Work order: Reproduce verbatim the lines of the material below, starting at the line with "Data Store Write9" and ending at the line with "alike) : Demux", both inclusive; skip the rest.

+ + + + +

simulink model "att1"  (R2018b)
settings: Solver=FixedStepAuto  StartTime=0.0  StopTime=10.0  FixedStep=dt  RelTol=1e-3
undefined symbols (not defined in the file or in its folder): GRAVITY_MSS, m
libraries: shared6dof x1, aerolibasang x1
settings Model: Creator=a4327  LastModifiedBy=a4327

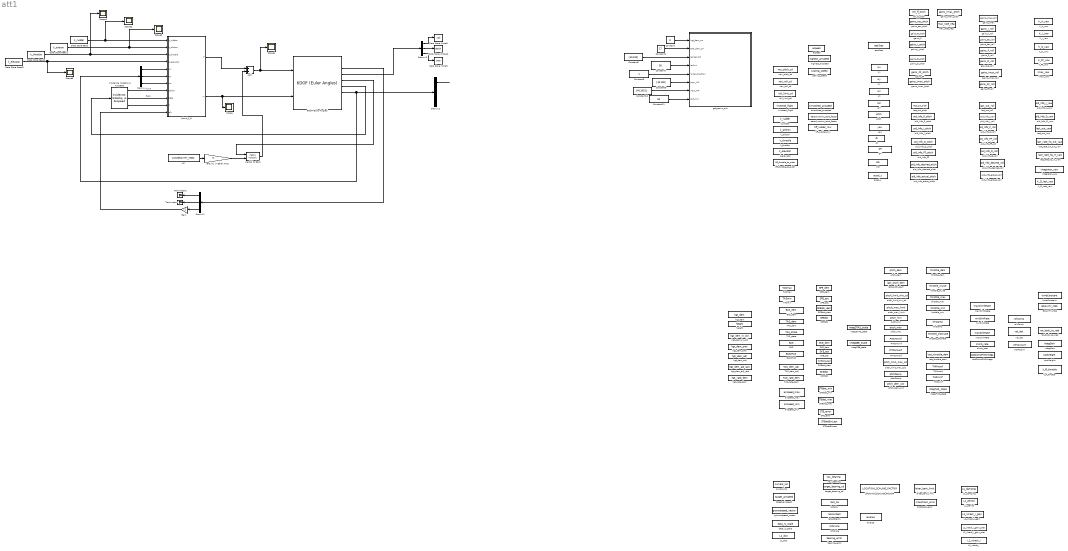
== system att1 ==
  6DOF (Euler Angles) : shared6dof/6DOF (Euler Angles)  units=Metric (MKS)  mtype=Fixed  rep=Euler Angles  xme_0=[0 0 0]  Vm_0=[17 0 0]  eul_0=[0 0 0]  pm_0=[0 0 0]  mass_0=m  mass_e=0.5  mass_f=2.0  inertia=J  inertia_e=eye(3)  inertia_f=2*eye(3)  k_quat=1.0  vre_flag=on  abi_flag=off  aMode=0  xme_statename=''  Vm_statename=''  eul_statename=''  quat_statename=''  pm_statename=''  mass_statename=''
      settings: SourceProductBaseCode=AE
  Add : Sum
  Constant : Constant  Value=0
  Constant1 : Constant  Value=17
  Constant10 : Constant  Value=[40,100.1]
  Constant11 : Constant  Value=50
  Constant6 : Constant  Value=[40,100]
  Constant7 : Constant  Value=50
  Constant8 : Constant
  Constant9 : Constant  Value=[40,100]
  DT : DataStoreMemory  DataStoreName=DT  ReadBeforeWriteMsg=warning  WriteAfterWriteMsg=warning  WriteAfterReadMsg=warning  InitialValue=DT  VectorParams1D=off  ShowAdditionalParam=off  OutDataTypeStr=double
  Data Store Read : DataStoreRead  DataStoreName=k_rudder
  Data Store Read1 : DataStoreRead  DataStoreName=k_aileron
  Data Store Read2 : DataStoreRead  DataStoreName=k_throttle
  Data Store Read3 : DataStoreRead  DataStoreName=k_elevator
  Data Store Write10 : DataStoreWrite  DataStoreName=pitch
  Data Store Write8 : DataStoreWrite  DataStoreName=roll
  Data Store Write9 : DataStoreWrite  DataStoreName=yaw
  Demux{,1..3} (4 alike) : Demux  Outputs=3
  EAS : DataStoreMemory  DataStoreName=EAS  ReadBeforeWriteMsg=warning  WriteAfterWriteMsg=warning  WriteAfterReadMsg=warning  InitialValue=EAS  VectorParams1D=off  ShowAdditionalParam=off  OutDataTypeStr=double
  EAS2TAS : DataStoreMemory  DataStoreName=EAS2TAS  ReadBeforeWriteMsg=warning  WriteAfterWriteMsg=warning  WriteAfterReadMsg=warning  InitialValue=EAS2TAS  VectorParams1D=off  ShowAdditionalParam=off  OutDataTypeStr=double
  EAS_dem : DataStoreMemory  DataStoreName=EAS_dem  ReadBeforeWriteMsg=warning  WriteAfterWriteMsg=warning  WriteAfterReadMsg=warning  InitialValue=EAS_dem  VectorParams1D=off  ShowAdditionalParam=off  OutDataTypeStr=double
  GRAVITY_MSS : DataStoreMemory  DataStoreName=GRAVITY_MSS  ReadBeforeWriteMsg=warning  WriteAfterWriteMsg=warning  WriteAfterReadMsg=warning  InitialValue=GRAVITY_MSS  VectorParams1D=off  ShowAdditionalParam=off  OutDataTypeStr=double
  Gain : Gain  Gain=-1
  Gravity in Earth Axes : Gain  Gain=m  SaturateOnIntegerOverflow=on  OutDataTypeStr=Inherit: Same as input  ParamDataTypeStr=Inherit: Same as input
  HD : DataStoreMemory  DataStoreName=HD  ReadBeforeWriteMsg=warning  WriteAfterWriteMsg=warning  WriteAfterReadMsg=warning  InitialValue=HD  ShowAdditionalParam=off  OutDataTypeStr=double
  "Incidence, Sideslip & Airspeed" : aerolibasang/Incidence, Sideslip, & Airspeed
      settings: SourceProductName=Aerospace Blockset
  Inertial to Body : Product  Multiplication=Matrix(*)  SaturateOnIntegerOverflow=on  InputSameDT=on  OutDataTypeStr=Inherit: Same as first input
  K_A_yaw : DataStoreMemory  DataStoreName=K_A_yaw  ReadBeforeWriteMsg=warning  WriteAfterWriteMsg=warning  WriteAfterReadMsg=warning  InitialValue=K_A_yaw  ShowAdditionalParam=off  OutDataTypeStr=double
  K_D_last_yaw : DataStoreMemory  DataStoreName=K_D_last_yaw  ReadBeforeWriteMsg=warning  WriteAfterWriteMsg=warning  WriteAfterReadMsg=warning  InitialValue=K_D_last_yaw  ShowAdditionalParam=off  OutDataTypeStr=double
  K_D_yaw : DataStoreMemory  DataStoreName=K_D_yaw  ReadBeforeWriteMsg=warning  WriteAfterWriteMsg=warning  WriteAfterReadMsg=warning  InitialValue=K_D_yaw  ShowAdditionalParam=off  OutDataTypeStr=double
  K_FF_yaw : DataStoreMemory  DataStoreName=K_FF_yaw  ReadBeforeWriteMsg=warning  WriteAfterWriteMsg=warning  WriteAfterReadMsg=warning  InitialValue=K_FF_yaw  ShowAdditionalParam=off  OutDataTypeStr=double
  K_I_yaw : DataStoreMemory  DataStoreName=K_I_yaw  ReadBeforeWriteMsg=warning  WriteAfterWriteMsg=warning  WriteAfterReadMsg=warning  InitialValue=K_I_yaw  ShowAdditionalParam=off  OutDataTypeStr=double
  L1_damping : DataStoreMemory  DataStoreName=L1_damping  ReadBeforeWriteMsg=warning  WriteAfterWriteMsg=warning  WriteAfterReadMsg=warning  InitialValue=L1_damping  VectorParams1D=off  ShowAdditionalParam=off  OutDataTypeStr=double
  L1_dist : DataStoreMemory  DataStoreName=L1_dist  ReadBeforeWriteMsg=warning  WriteAfterWriteMsg=warning  WriteAfterReadMsg=warning  InitialValue=L1_dist  VectorParams1D=off  ShowAdditionalParam=off  OutDataTypeStr=double
  L1_period : DataStoreMemory  DataStoreName=L1_period  ReadBeforeWriteMsg=warning  WriteAfterWriteMsg=warning  WriteAfterReadMsg=warning  InitialValue=L1_period  VectorParams1D=off  ShowAdditionalParam=off  OutDataTypeStr=double
  L1_xtrack_i : DataStoreMemory  DataStoreName=L1_xtrack_i  ReadBeforeWriteMsg=warning  WriteAfterWriteMsg=warning  WriteAfterReadMsg=warning  InitialValue=L1_xtrack_i  VectorParams1D=off  ShowAdditionalParam=off  OutDataTypeStr=double
  L1_xtrack_i_gain : DataStoreMemory  DataStoreName=L1_xtrack_i_gain  ReadBeforeWriteMsg=warning  WriteAfterWriteMsg=warning  WriteAfterReadMsg=warning  InitialValue=L1_xtrack_i_gain  VectorParams1D=off  ShowAdditionalParam=off  OutDataTypeStr=double
  L1_xtrack_i_gain_prev : DataStoreMemory  DataStoreName=L1_xtrack_i_gain_prev  ReadBeforeWriteMsg=warning  WriteAfterWriteMsg=warning  WriteAfterReadMsg=warning  InitialValue=L1_xtrack_i_gain_prev  VectorParams1D=off  ShowAdditionalParam=off  OutDataTypeStr=double
  LOCATION_SCALING_FACTOR : DataStoreMemory  DataStoreName=LOCATION_SCALING_FACTOR  ReadBeforeWriteMsg=warning  WriteAfterWriteMsg=warning  WriteAfterReadMsg=warning  InitialValue=LOCATION_SCALING_FACTOR  VectorParams1D=off  ShowAdditionalParam=off  OutDataTypeStr=double
  PITCHmaxf : DataStoreMemory  DataStoreName=PITCHmaxf  ReadBeforeWriteMsg=warning  WriteAfterWriteMsg=warning  WriteAfterReadMsg=warning  InitialValue=PITCHmaxf  VectorParams1D=off  ShowAdditionalParam=off  OutDataTypeStr=double
  PITCHminf : DataStoreMemory  DataStoreName=PITCHminf  ReadBeforeWriteMsg=warning  WriteAfterWriteMsg=warning  WriteAfterReadMsg=warning  InitialValue=PITCHminf  VectorParams1D=off  ShowAdditionalParam=off  OutDataTypeStr=double
  SKE_dem : DataStoreMemory  DataStoreName=SKE_dem  ReadBeforeWriteMsg=warning  WriteAfterWriteMsg=warning  WriteAfterReadMsg=warning  InitialValue=SKE_dem  VectorParams1D=off  ShowAdditionalParam=off  OutDataTypeStr=double
  SKE_est : DataStoreMemory  DataStoreName=SKE_est  ReadBeforeWriteMsg=warning  WriteAfterWriteMsg=warning  WriteAfterReadMsg=warning  InitialValue=SKE_est  VectorParams1D=off  ShowAdditionalParam=off  OutDataTypeStr=double
  SKEdot : DataStoreMemory  DataStoreName=SKEdot  ReadBeforeWriteMsg=warning  WriteAfterWriteMsg=warning  WriteAfterReadMsg=warning  InitialValue=SKEdot  VectorParams1D=off  ShowAdditionalParam=off  OutDataTypeStr=double
  SKEdot_dem : DataStoreMemory  DataStoreName=SKEdot_dem  ReadBeforeWriteMsg=warning  WriteAfterWriteMsg=warning  WriteAfterReadMsg=warning  InitialValue=SKEdot_dem  VectorParams1D=off  ShowAdditionalParam=off  OutDataTypeStr=double
  SPE_dem : DataStoreMemory  DataStoreName=SPE_dem  ReadBeforeWriteMsg=warning  WriteAfterWriteMsg=warning  WriteAfterReadMsg=warning  InitialValue=SPE_dem  VectorParams1D=off  ShowAdditionalParam=off  OutDataTypeStr=double
  SPE_est : DataStoreMemory  DataStoreName=SPE_est  ReadBeforeWriteMsg=warning  WriteAfterWriteMsg=warning  WriteAfterReadMsg=warning  InitialValue=SPE_est  VectorParams1D=off  ShowAdditionalParam=off  OutDataTypeStr=double
  SPEdot : DataStoreMemory  DataStoreName=SPEdot  ReadBeforeWriteMsg=warning  WriteAfterWriteMsg=warning  WriteAfterReadMsg=warning  InitialValue=SPEdot  VectorParams1D=off  ShowAdditionalParam=off  OutDataTypeStr=double
  SPEdot_dem : DataStoreMemory  DataStoreName=SPEdot_dem  ReadBeforeWriteMsg=warning  WriteAfterWriteMsg=warning  WriteAfterReadMsg=warning  InitialValue=SPEdot_dem  VectorParams1D=off  ShowAdditionalParam=off  OutDataTypeStr=double
  STE_error : DataStoreMemory  DataStoreName=STE_error  ReadBeforeWriteMsg=warning  WriteAfterWriteMsg=warning  WriteAfterReadMsg=warning  InitialValue=STE_error  VectorParams1D=off  ShowAdditionalParam=off  OutDataTypeStr=double
  STEdotErrLast : DataStoreMemory  DataStoreName=STEdotErrLast  ReadBeforeWriteMsg=warning  WriteAfterWriteMsg=warning  WriteAfterReadMsg=warning  InitialValue=STEdotErrLast  VectorParams1D=off  ShowAdditionalParam=off  OutDataTypeStr=double
  STEdot_max : DataStoreMemory  DataStoreName=STEdot_max  ReadBeforeWriteMsg=warning  WriteAfterWriteMsg=warning  WriteAfterReadMsg=warning  InitialValue=STEdot_max  VectorParams1D=off  ShowAdditionalParam=off  OutDataTypeStr=double
  STEdot_min : DataStoreMemory  DataStoreName=STEdot_min  ReadBeforeWriteMsg=warning  WriteAfterWriteMsg=warning  WriteAfterReadMsg=warning  InitialValue=STEdot_min  VectorParams1D=off  ShowAdditionalParam=off  OutDataTypeStr=double
  Scope{,1..5} (6 alike) : Scope
  TAS_dem : DataStoreMemory  DataStoreName=TAS_dem  ReadBeforeWriteMsg=warning  WriteAfterWriteMsg=warning  WriteAfterReadMsg=warning  InitialValue=TAS_dem  VectorParams1D=off  ShowAdditionalParam=off  OutDataTypeStr=double
  TAS_dem_adj : DataStoreMemory  DataStoreName=TAS_dem_adj  ReadBeforeWriteMsg=warning  WriteAfterWriteMsg=warning  WriteAfterReadMsg=warning  InitialValue=TAS_dem_adj  VectorParams1D=off  ShowAdditionalParam=off  OutDataTypeStr=double
  TAS_rate_dem : DataStoreMemory  DataStoreName=TAS_rate_dem  ReadBeforeWriteMsg=warning  WriteAfterWriteMsg=warning  WriteAfterReadMsg=warning  InitialValue=TAS_rate_dem  VectorParams1D=off  ShowAdditionalParam=off  OutDataTypeStr=double
  TAS_state : DataStoreMemory  DataStoreName=TAS_state  ReadBeforeWriteMsg=warning  WriteAfterWriteMsg=warning  WriteAfterReadMsg=warning  InitialValue=TAS_state  VectorParams1D=off  ShowAdditionalParam=off  OutDataTypeStr=double
  TASmax : DataStoreMemory  DataStoreName=TASmax  ReadBeforeWriteMsg=warning  WriteAfterWriteMsg=warning  WriteAfterReadMsg=warning  InitialValue=TASmax  VectorParams1D=off  ShowAdditionalParam=off  OutDataTypeStr=double
  TASmin : DataStoreMemory  DataStoreName=TASmin  ReadBeforeWriteMsg=warning  WriteAfterWriteMsg=warning  WriteAfterReadMsg=warning  InitialValue=TASmin  VectorParams1D=off  ShowAdditionalParam=off  OutDataTypeStr=double
  THRmaxf : DataStoreMemory  DataStoreName=THRmaxf  ReadBeforeWriteMsg=warning  WriteAfterWriteMsg=warning  WriteAfterReadMsg=warning  InitialValue=THRmaxf  VectorParams1D=off  ShowAdditionalParam=off  OutDataTypeStr=double
  THRminf : DataStoreMemory  DataStoreName=THRminf  ReadBeforeWriteMsg=warning  WriteAfterWriteMsg=warning  WriteAfterReadMsg=warning  InitialValue=THRminf  VectorParams1D=off  ShowAdditionalParam=off  OutDataTypeStr=double
  Terminator : Terminator
  Terminator1 : Terminator
  WPcircle : DataStoreMemory  DataStoreName=WPcircle  ReadBeforeWriteMsg=warning  WriteAfterWriteMsg=warning  WriteAfterReadMsg=warning  InitialValue=WPcircle  VectorParams1D=off  ShowAdditionalParam=off  OutDataTypeStr=double
  accel_y : DataStoreMemory  DataStoreName=accel_y  ReadBeforeWriteMsg=warning  WriteAfterWriteMsg=warning  WriteAfterReadMsg=warning  InitialValue=accel_y  ShowAdditionalParam=off  OutDataTypeStr=double
  aerodynamic_load_factor : DataStoreMemory  DataStoreName=aerodynamic_load_factor  ReadBeforeWriteMsg=warning  WriteAfterWriteMsg=warning  WriteAfterReadMsg=warning  InitialValue=aerodynamic_load_factor  ShowAdditionalParam=off  OutDataTypeStr=double
  airspeed_max : DataStoreMemory  DataStoreName=airspeed_max  ReadBeforeWriteMsg=warning  WriteAfterWriteMsg=warning  WriteAfterReadMsg=warning  InitialValue=airspeed_max  VectorParams1D=off  ShowAdditionalParam=off  OutDataTypeStr=double
  airspeed_min : DataStoreMemory  DataStoreName=airspeed_min  ReadBeforeWriteMsg=warning  WriteAfterWriteMsg=warning  WriteAfterReadMsg=warning  InitialValue=airspeed_min  VectorParams1D=off  ShowAdditionalParam=off  OutDataTypeStr=double
  aspeed : DataStoreMemory  DataStoreName=aspeed  ReadBeforeWriteMsg=warning  WriteAfterWriteMsg=warning  WriteAfterReadMsg=warning  InitialValue=aspeed  ShowAdditionalParam=off  OutDataTypeStr=double
  bearing_error : DataStoreMemory  DataStoreName=bearing_error  ReadBeforeWriteMsg=warning  WriteAfterWriteMsg=warning  WriteAfterReadMsg=warning  InitialValue=bearing_error  VectorParams1D=off  ShowAdditionalParam=off  OutDataTypeStr=double
  climb_rate : DataStoreMemory  DataStoreName=climb_rate  ReadBeforeWriteMsg=warning  WriteAfterWriteMsg=warning  WriteAfterReadMsg=warning  InitialValue=climb_rate  VectorParams1D=off  ShowAdditionalParam=off  OutDataTypeStr=double
  crosstrack_error : DataStoreMemory  DataStoreName=crosstrack_error  ReadBeforeWriteMsg=warning  WriteAfterWriteMsg=warning  WriteAfterReadMsg=warning  InitialValue=crosstrack_error  VectorParams1D=off  ShowAdditionalParam=off  OutDataTypeStr=double
  current_loc : DataStoreMemory  DataStoreName=current_loc  ReadBeforeWriteMsg=warning  WriteAfterWriteMsg=warning  WriteAfterReadMsg=warning  InitialValue=current_loc  VectorParams1D=off  ShowAdditionalParam=off  OutDataTypeStr=double
  data_is_stale : DataStoreMemory  DataStoreName=data_is_stale  ReadBeforeWriteMsg=warning  WriteAfterWriteMsg=warning  WriteAfterReadMsg=warning  InitialValue=data_is_stale  VectorParams1D=off  ShowAdditionalParam=off  OutDataTypeStr=double
  dt : DataStoreMemory  DataStoreName=dt  ReadBeforeWriteMsg=warning  WriteAfterWriteMsg=warning  WriteAfterReadMsg=warning  InitialValue=dt  ShowAdditionalParam=off  OutDataTypeStr=double
  eas2tas : DataStoreMemory  DataStoreName=eas2tas  ReadBeforeWriteMsg=warning  WriteAfterWriteMsg=warning  WriteAfterReadMsg=warning  InitialValue=eas2tas  ShowAdditionalParam=off  OutDataTypeStr=double
  gains_D_pitch : DataStoreMemory  DataStoreName=gains_D_pitch  ReadBeforeWriteMsg=warning  WriteAfterWriteMsg=warning  WriteAfterReadMsg=warning  InitialValue=gains_D_pitch  ShowAdditionalParam=off  OutDataTypeStr=double
  gains_D_roll : DataStoreMemory  DataStoreName=gains_D_roll  ReadBeforeWriteMsg=warning  WriteAfterWriteMsg=warning  WriteAfterReadMsg=warning  InitialValue=gains_D_roll  ShowAdditionalParam=off  OutDataTypeStr=double
  gains_FF : DataStoreMemory  DataStoreName=gains_FF_pitch  ReadBeforeWriteMsg=warning  WriteAfterWriteMsg=warning  WriteAfterReadMsg=warning  InitialValue=gains_FF_pitch  ShowAdditionalParam=off  OutDataTypeStr=double
  gains_FF_roll : DataStoreMemory  DataStoreName=gains_FF_roll  ReadBeforeWriteMsg=warning  WriteAfterWriteMsg=warning  WriteAfterReadMsg=warning  InitialValue=gains_FF_roll  ShowAdditionalParam=off  OutDataTypeStr=double
  gains_I_pitch : DataStoreMemory  DataStoreName=gains_I_pitch  ReadBeforeWriteMsg=warning  WriteAfterWriteMsg=warning  WriteAfterReadMsg=warning  InitialValue=gains_I_pitch  ShowAdditionalParam=off  OutDataTypeStr=double
  gains_I_roll : DataStoreMemory  DataStoreName=gains_I_roll  ReadBeforeWriteMsg=warning  WriteAfterWriteMsg=warning  WriteAfterReadMsg=warning  InitialValue=gains_I_roll  ShowAdditionalParam=off  OutDataTypeStr=double
  gains_P : DataStoreMemory  DataStoreName=gains_P_pitch  ReadBeforeWriteMsg=warning  WriteAfterWriteMsg=warning  WriteAfterReadMsg=warning  InitialValue=gains_P_pitch  ShowAdditionalParam=off  OutDataTypeStr=double
  gains_P_roll : DataStoreMemory  DataStoreName=gains_P_roll  ReadBeforeWriteMsg=warning  WriteAfterWriteMsg=warning  WriteAfterReadMsg=warning  InitialValue=gains_P_roll  ShowAdditionalParam=off  OutDataTypeStr=double
  gains_imax_pitch : DataStoreMemory  DataStoreName=gains_imax_pitch  ReadBeforeWriteMsg=warning  WriteAfterWriteMsg=warning  WriteAfterReadMsg=warning  InitialValue=gains_imax_pitch  ShowAdditionalParam=off  OutDataTypeStr=double
  gains_imax_roll : DataStoreMemory  DataStoreName=gains_imax_roll  ReadBeforeWriteMsg=warning  WriteAfterWriteMsg=warning  WriteAfterReadMsg=warning  InitialValue=gains_imax_roll  ShowAdditionalParam=off  OutDataTypeStr=double
  gains_rmax : DataStoreMemory  DataStoreName=gains_rmax_roll  ReadBeforeWriteMsg=warning  WriteAfterWriteMsg=warning  WriteAfterReadMsg=warning  InitialValue=gains_rmax_roll  ShowAdditionalParam=off  OutDataTypeStr=double
  gains_rmax_pitch : DataStoreMemory  DataStoreName=gains_rmax_pitch  ReadBeforeWriteMsg=warning  WriteAfterWriteMsg=warning  WriteAfterReadMsg=warning  InitialValue=gains_rmax_pitch  ShowAdditionalParam=off  OutDataTypeStr=double
  gains_tau_pitch : DataStoreMemory  DataStoreName=gains_tau_pitch  ReadBeforeWriteMsg=warning  WriteAfterWriteMsg=warning  WriteAfterReadMsg=warning  InitialValue=gains_tau_pitch  ShowAdditionalParam=off  OutDataTypeStr=double
  gains_tau_roll : DataStoreMemory  DataStoreName=gains_tau_roll  ReadBeforeWriteMsg=warning  WriteAfterWriteMsg=warning  WriteAfterReadMsg=warning  InitialValue=gains_tau_roll  ShowAdditionalParam=off  OutDataTypeStr=double
  get_servo_out : MATLAB Function  TreatAsAtomicUnit=on
  gn : Constant  Value=[0;0;GRAVITY_MSS]
  groundspeed_vector : DataStoreMemory  DataStoreName=groundspeed_vector  ReadBeforeWriteMsg=warning  WriteAfterWriteMsg=warning  WriteAfterReadMsg=warning  InitialValue=groundspeed_vector  VectorParams1D=off  ShowAdditionalParam=off  OutDataTypeStr=double
  height : DataStoreMemory  DataStoreName=height  ReadBeforeWriteMsg=warning  WriteAfterWriteMsg=warning  WriteAfterReadMsg=warning  InitialValue=height  VectorParams1D=off  ShowAdditionalParam=off  OutDataTypeStr=double
  hgt_dem : DataStoreMemory  DataStoreName=hgt_dem  ReadBeforeWriteMsg=warning  WriteAfterWriteMsg=warning  WriteAfterReadMsg=warning  InitialValue=hgt_dem  VectorParams1D=off  ShowAdditionalParam=off  OutDataTypeStr=double
  hgt_dem_adj : DataStoreMemory  DataStoreName=hgt_dem_adj  ReadBeforeWriteMsg=warning  WriteAfterWriteMsg=warning  WriteAfterReadMsg=warning  InitialValue=hgt_dem_adj  VectorParams1D=off  ShowAdditionalParam=off  OutDataTypeStr=double
  hgt_dem_adj_last : DataStoreMemory  DataStoreName=hgt_dem_adj_last  ReadBeforeWriteMsg=warning  WriteAfterWriteMsg=warning  WriteAfterReadMsg=warning  InitialValue=hgt_dem_adj_last  VectorParams1D=off  ShowAdditionalParam=off  OutDataTypeStr=double
  hgt_dem_in_old : DataStoreMemory  DataStoreName=hgt_dem_in_old  ReadBeforeWriteMsg=warning  WriteAfterWriteMsg=warning  WriteAfterReadMsg=warning  InitialValue=hgt_dem_in_old  VectorParams1D=off  ShowAdditionalParam=off  OutDataTypeStr=double
  hgt_dem_prev : DataStoreMemory  DataStoreName=hgt_dem_prev  ReadBeforeWriteMsg=warning  WriteAfterWriteMsg=warning  WriteAfterReadMsg=warning  InitialValue=hgt_dem_prev  VectorParams1D=off  ShowAdditionalParam=off  OutDataTypeStr=double
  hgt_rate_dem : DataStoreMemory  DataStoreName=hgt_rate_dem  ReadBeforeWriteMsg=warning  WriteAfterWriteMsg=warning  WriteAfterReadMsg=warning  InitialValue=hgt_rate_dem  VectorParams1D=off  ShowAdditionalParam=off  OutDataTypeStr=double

+ + + + +

Completed task:
  Data Store Write9 : DataStoreWrite  DataStoreName=yaw
  Demux{,1..3} (4 alike) : Demux  Outputs=3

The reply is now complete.